• **TO DO**
Search the material below for the string "BuildSketch" and extract each line that has it.

• **EXTRACTED ENTRIES**
◆ ◆ ◆

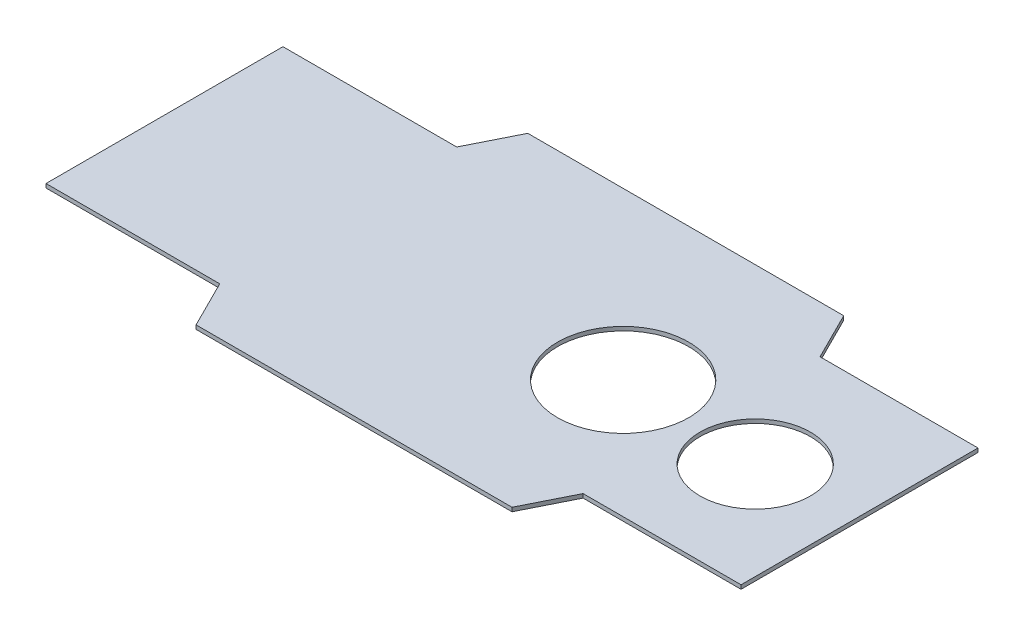
from build123d import *

# Parameters (mm, degrees)
BOSS_EXTRUDE1_DEPTH = 1.5875
SKETCH7_R           = 52.705
SKETCH7_R_2         = 44.45
CUT_EXTRUDE1_DEPTH  = 20.32


with BuildPart() as part:
    # Sketch3 → Boss-Extrude1 (new body, symmetric)
    with BuildSketch(Plane(origin=(0, 0, 0), x_dir=(1, 0, 0), z_dir=(0, 1, 0))):
        Polygon((-279.4, 95.25), (-139.7, 95.25), (-120.65, 133.35), (133.35, 133.35), (152.4, 95.25), (279.4, 95.25), (279.4, -95.25), (152.4, -95.25), (133.35, -133.35), (-120.65, -133.35), (-139.7, -95.25), (-279.4, -95.25), align=None)
    extrude(amount=BOSS_EXTRUDE1_DEPTH, both=True)

    # Sketch7 → Cut-Extrude1 (cut)
    with BuildSketch(Plane(origin=(0, 1.5875, 0), x_dir=(1, 0, 0), z_dir=(0, 1, 0))):
        with Locations((89.349601684, 0)):
            Circle(SKETCH7_R)
        with Locations((201.029841253, -5.49358251)):
            Circle(SKETCH7_R_2)
    extrude(amount=-CUT_EXTRUDE1_DEPTH, mode=Mode.SUBTRACT)


solid = part.part

◆ ◆ ◆

• **FINISHED TASK**
    with BuildSketch(Plane(origin=(0, 0, 0), x_dir=(1, 0, 0), z_dir=(0, 1, 0))):
    with BuildSketch(Plane(origin=(0, 1.5875, 0), x_dir=(1, 0, 0), z_dir=(0, 1, 0))):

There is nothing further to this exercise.